The TSV has a header row and 5 columns:
commit val_bpb memory_gb status description
- git commit hash (short, 7 chars)
- val_bpb achieved (e.g. 1.234567) — use 0.000000 for crashes
- peak memory in GB, round to .1f (e.g. 12.3 — divide peak_vram_mb by 1024) — use 0.0 for crashes
- status:
keep,discard, orcrash - short text description of what this experiment tried
Example:
commit val_bpb memory_gb status description
a1b2c3d 0.997900 44.0 keep baseline
b2c3d4e 0.993200 44.2 keep increase LR to 0.04
c3d4e5f 1.005000 44.0 discard switch to GeLU activation
d4e5f6g 0.000000 0.0 crash double model width (OOM)

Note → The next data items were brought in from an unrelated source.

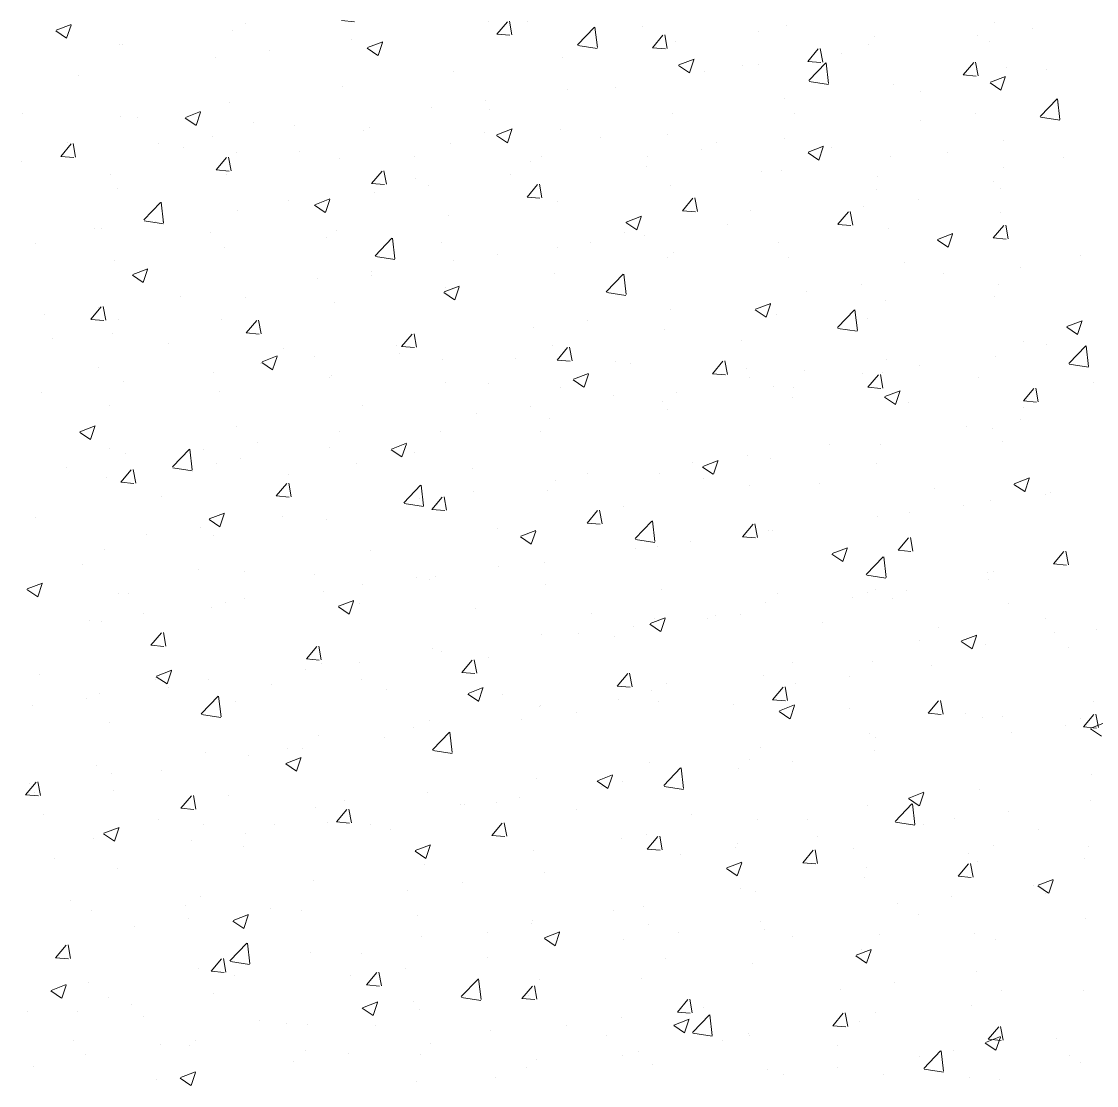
# Model space of a CAD drawing. Header units: millimetres. Extents: x 100 to 1222, y 100 to 694.
# Drawn here: x 300.98 to 305.705, y 531.455 to 536.132 of the extents above; entities that cross this region are included whole.
import ezdxf

# ---------------------------------------------------------------- set-up
doc = ezdxf.new("R2010")
doc.units = ezdxf.units.MM
doc.layers.add('Alvenaria', color=8, linetype='Continuous', lineweight=9)

msp = doc.modelspace()

# ---------------------------------------------------------------- linework, layer by layer
at = {"layer": 'Alvenaria'}
for p, q in [((301.1321, 536.0939), (301.1988, 536.1195)), ((301.1786, 536.0592), (301.1979, 536.1167)), ((301.9656, 536.1248), (301.9656, 536.1248)), ((302.3868, 536.1364), (302.4437, 536.1314)), ((303.033, 536.1302), (303.033, 536.1302)), ((303.07, 536.0767), (303.1159, 536.1314)), ((303.1356, 536.0733), (303.1245, 536.133)), ((303.2026, 536.1306), (303.2026, 536.1306)), ((304.3436, 536.1128), (304.3436, 536.1128)), ((305.2591, 536.1285), (305.2591, 536.1285)), ((301.1309, 536.0912), (301.1783, 536.0593)), ((301.9066, 536.0919), (301.9066, 536.0919)), ((303.07, 536.0766), (303.1269, 536.0717)), ((303.4244, 536.0301), (303.4986, 536.1075)), ((303.5114, 536.0173), (303.5009, 536.1077)), ((303.7111, 536.1091), (303.7111, 536.1091)), ((303.7532, 536.0169), (303.7991, 536.0716)), ((303.8187, 536.0135), (303.8077, 536.0732)), ((304.2195, 536.0876), (304.2195, 536.0876)), ((304.728, 536.0661), (304.728, 536.0661)), ((305.1839, 536.0707), (305.1839, 536.0707)), ((305.4224, 536.1021), (305.4224, 536.1021)), ((301.4101, 536.0294), (301.4101, 536.0294)), ((301.4254, 536.031), (301.4254, 536.031)), ((302.4315, 536.051), (302.4315, 536.051)), ((302.4997, 536.015), (302.5471, 535.983)), ((302.501, 536.0177), (302.5677, 536.0433)), ((302.5475, 535.9829), (302.5668, 536.0404)), ((303.4261, 536.0266), (303.5108, 536.0135)), ((303.7532, 536.0169), (303.8101, 536.0119)), ((303.8546, 536.0457), (303.8546, 536.0457)), ((304.7036, 536.0332), (304.7036, 536.0332)), ((305.2364, 536.0446), (305.2364, 536.0446)), ((301.8323, 535.9721), (301.8323, 535.9721)), ((302.0707, 536.0035), (302.0707, 536.0035)), ((303.3599, 535.9743), (303.3599, 535.9743)), ((304.4364, 535.9571), (304.4823, 536.0119)), ((304.5019, 535.9537), (304.4909, 536.0134)), ((304.5824, 535.9915), (304.5824, 535.9915)), ((303.8686, 535.9387), (303.916, 535.9067)), ((303.8698, 535.9414), (303.9365, 535.967)), ((303.9163, 535.9066), (303.9357, 535.9642)), ((304.1482, 535.9378), (304.1482, 535.9378)), ((304.2216, 535.944), (304.2216, 535.944)), ((304.4364, 535.9571), (304.4933, 535.9521)), ((304.441, 535.8725), (304.5151, 535.9498)), ((304.5279, 535.8596), (304.5174, 535.9501)), ((305.1196, 535.8974), (305.1655, 535.9521)), ((305.1851, 535.8939), (305.1741, 535.9536)), ((305.3079, 535.9281), (305.3079, 535.9281)), ((301.2307, 535.8929), (301.2307, 535.8929)), ((302.8787, 535.9133), (302.8787, 535.9133)), ((303.9832, 535.9126), (303.9832, 535.9126)), ((305.1196, 535.8973), (305.1765, 535.8924)), ((305.2387, 535.8651), (305.3054, 535.8907)), ((305.2852, 535.8303), (305.3045, 535.8879)), ((305.4874, 535.9194), (305.4874, 535.9194)), ((302.3897, 535.8463), (302.3897, 535.8463)), ((303.3816, 535.8334), (303.3816, 535.8334)), ((303.5927, 535.8425), (303.5927, 535.8425)), ((304.4426, 535.8689), (304.5273, 535.8558)), ((304.8131, 535.8567), (304.8131, 535.8567)), ((305.2375, 535.8624), (305.2848, 535.8304)), ((303.0209, 535.7859), (303.0209, 535.7859)), ((304.332, 535.7957), (304.332, 535.7957)), ((304.9319, 535.8241), (304.9319, 535.8241)), ((305.4575, 535.7148), (305.5317, 535.7921)), ((305.5445, 535.7019), (305.534, 535.7924)), ((301.7007, 535.7104), (301.7673, 535.7361)), ((301.7472, 535.6757), (301.7665, 535.7332)), ((301.895, 535.7749), (301.895, 535.7749)), ((302.7825, 535.7545), (302.7825, 535.7545)), ((303.0372, 535.7471), (303.0372, 535.7471)), ((305.5326, 535.7739), (305.5326, 535.7739)), ((300.9832, 535.7298), (300.9832, 535.7298)), ((301.4139, 535.7139), (301.4139, 535.7139)), ((301.4917, 535.7083), (301.4917, 535.7083)), ((301.6994, 535.7078), (301.7468, 535.6758)), ((302.0002, 535.6868), (302.0002, 535.6868)), ((303.843, 535.7286), (303.843, 535.7286)), ((304.3764, 535.7287), (304.3764, 535.7287)), ((304.9334, 535.695), (304.9334, 535.695)), ((305.1718, 535.7264), (305.1718, 535.7264)), ((305.4592, 535.7113), (305.5439, 535.6982)), ((302.1809, 535.6753), (302.1809, 535.6753)), ((302.4817, 535.6518), (302.4817, 535.6518)), ((302.5086, 535.6653), (302.5086, 535.6653)), ((303.0171, 535.6438), (303.0171, 535.6438)), ((303.0695, 535.6342), (303.1362, 535.6598)), ((303.116, 535.5994), (303.1353, 535.6569)), ((303.3483, 535.6572), (303.3483, 535.6572)), ((301.1526, 535.5395), (301.1985, 535.5943)), ((301.1841, 535.6018), (301.1841, 535.6018)), ((301.2181, 535.5361), (301.2071, 535.5958)), ((301.5817, 535.5964), (301.5817, 535.5964)), ((301.8202, 535.6278), (301.8202, 535.6278)), ((302.8672, 535.5963), (302.8672, 535.5963)), ((303.0683, 535.6315), (303.1157, 535.5995)), ((303.5256, 535.6224), (303.5256, 535.6224)), ((303.8209, 535.6334), (303.8209, 535.6334)), ((304.034, 535.6009), (304.034, 535.6009)), ((304.3318, 535.6158), (304.3318, 535.6158)), ((305.2963, 535.611), (305.2963, 535.611)), ((301.6925, 535.5803), (301.6925, 535.5803)), ((301.9262, 535.5564), (301.9262, 535.5564)), ((302.201, 535.5589), (302.201, 535.5589)), ((303.9711, 535.5683), (303.9711, 535.5683)), ((304.4372, 535.5552), (304.4845, 535.5232)), ((304.4384, 535.5579), (304.5051, 535.5835)), ((304.4849, 535.5231), (304.5042, 535.5807)), ((304.5425, 535.5794), (304.5425, 535.5794)), ((305.051, 535.5579), (305.051, 535.5579)), ((300.9802, 535.5172), (300.9802, 535.5172)), ((301.1526, 535.5395), (301.2095, 535.5345)), ((301.8358, 535.4798), (301.8817, 535.5345)), ((301.9013, 535.4763), (301.8903, 535.536)), ((302.3781, 535.5292), (302.3781, 535.5292)), ((302.7095, 535.5374), (302.7095, 535.5374)), ((303.2179, 535.5159), (303.2179, 535.5159)), ((303.2654, 535.538), (303.2654, 535.538)), ((303.7326, 535.5369), (303.7326, 535.5369)), ((304.8016, 535.5396), (304.8016, 535.5396)), ((305.5594, 535.5364), (305.5594, 535.5364)), ((301.3707, 535.4611), (301.3707, 535.4611)), ((301.8358, 535.4797), (301.8927, 535.4747)), ((301.8834, 535.4578), (301.8834, 535.4578)), ((302.519, 535.42), (302.5649, 535.4747)), ((302.5845, 535.4166), (302.5735, 535.4763)), ((303.1311, 535.4577), (303.1311, 535.4577)), ((303.7264, 535.4944), (303.7264, 535.4944)), ((304.2349, 535.4729), (304.2349, 535.4729)), ((304.3205, 535.4786), (304.3205, 535.4786)), ((304.7433, 535.4515), (304.7433, 535.4515)), ((305.2956, 535.4907), (305.2956, 535.4907)), ((302.519, 535.42), (302.5759, 535.415)), ((302.7099, 535.4427), (302.7099, 535.4427)), ((302.7703, 535.4102), (302.7703, 535.4102)), ((303.2022, 535.3602), (303.2481, 535.415)), ((303.2677, 535.3568), (303.2567, 535.4165)), ((303.8314, 535.4116), (303.8314, 535.4116)), ((305.2518, 535.43), (305.2518, 535.43)), ((301.4023, 535.3968), (301.4023, 535.3968)), ((302.5319, 535.3788), (302.5319, 535.3788)), ((303.2022, 535.3602), (303.2591, 535.3552)), ((303.8854, 535.3005), (303.9313, 535.3552)), ((303.9509, 535.297), (303.9399, 535.3567)), ((304.7402, 535.3954), (304.7402, 535.3954)), ((305.282, 535.3982), (305.282, 535.3982)), ((301.5176, 535.26), (301.5918, 535.3373)), ((301.6046, 535.2471), (301.594, 535.3375)), ((302.1545, 535.3473), (302.1545, 535.3473)), ((302.268, 535.3243), (302.3154, 535.2923)), ((302.2692, 535.327), (302.3359, 535.3526)), ((302.3157, 535.2922), (302.335, 535.3497)), ((303.3367, 535.3401), (303.3367, 535.3401)), ((304.6828, 535.3193), (304.6828, 535.3193)), ((304.9212, 535.3507), (304.9212, 535.3507)), ((301.9303, 535.2996), (301.9303, 535.2996)), ((302.8556, 535.2792), (302.8556, 535.2792)), ((303.6381, 535.2507), (303.7048, 535.2763)), ((303.6846, 535.2159), (303.7039, 535.2734)), ((303.8854, 535.3004), (303.9423, 535.2954)), ((304.1847, 535.3), (304.1847, 535.3)), ((304.5685, 535.2407), (304.6145, 535.2954)), ((304.6341, 535.2372), (304.6231, 535.297)), ((305.2847, 535.2939), (305.2847, 535.2939)), ((301.3022, 535.2241), (301.3022, 535.2241)), ((301.3311, 535.2208), (301.3311, 535.2208)), ((301.5193, 535.2564), (301.604, 535.2433)), ((301.5696, 535.2521), (301.5696, 535.2521)), ((301.599, 535.252), (301.599, 535.252)), ((302.3665, 535.2121), (302.3665, 535.2121)), ((303.6368, 535.248), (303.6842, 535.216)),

The experiment runs on a dedicated branch (e.g. autoresearch/mar5 or autoresearch/mar5-gpu0).
LOOP FOREVER:
- Look at the git state: the current branch/commit we're on
- Tune
train.pywith an experimental idea by directly hacking the code. - git commit
- Run the experiment:
uv run train.py > run.log 2>&1(redirect everything — do NOT use tee or let output flood your context) - Read out the results:
grep "^val_bpb:\|^peak_vram_mb:" run.log - If the grep output is empty, the run crashed. Run
tail -n 50 run.logto read the Python stack trace and attempt a fix. If you can't get things to work after more than a few attempts, give up. - Record the results in the tsv (NOTE: do not commit the results.tsv file, leave it untracked by git)
- If val_bpb improved (lower), you "advance" the branch, keeping the git commit
- If val_bpb is equal or worse, you git reset back to where you started
The idea is that you are a completely autonomous researcher trying things out. If they work, keep. If they don't, discard. And you're advancing the branch so that you can iterate. If you feel like you're getting stuck in some way, you can rewind but you should probably do this very very sparingly (if ever).
Timeout: Each experiment should take ~5 minutes total (+ a few seconds for startup and eval overhead). If a run exceeds 10 minutes, kill it and treat it as a failure (discard and revert).
Crashes: If a run crashes (OOM, or a bug, or etc.), use your judgment: If it's something dumb and easy to fix (e.g. a typo, a missing import), fix it and re-run. If the idea itself is fundamentally broken, just skip it, log "crash" as the status in the tsv, and move on.
NEVER STOP: Once the experiment loop has begun (after the initial setup), do NOT pause to ask the human if you should continue. Do NOT ask "should I keep going?" or "is this a good stopping point?". The human might be asleep, or gone from a computer and expects you to continue working indefinitely until you are manually stopped. You are autonomous. If you run out of ideas, think harder — read papers referenced in the code, re-read the in-scope files for new angles, try combining previous near-misses, try more radical architectural changes. The loop runs until the human interrupts you, period.
As an example use case, a user might leave you running while they sleep. If each experiment takes you ~5 minutes then you can run approx 12/hour, for a total of about 100 over the duration of the average human sleep. The user then wakes up to experimental results, all completed by you while they slept!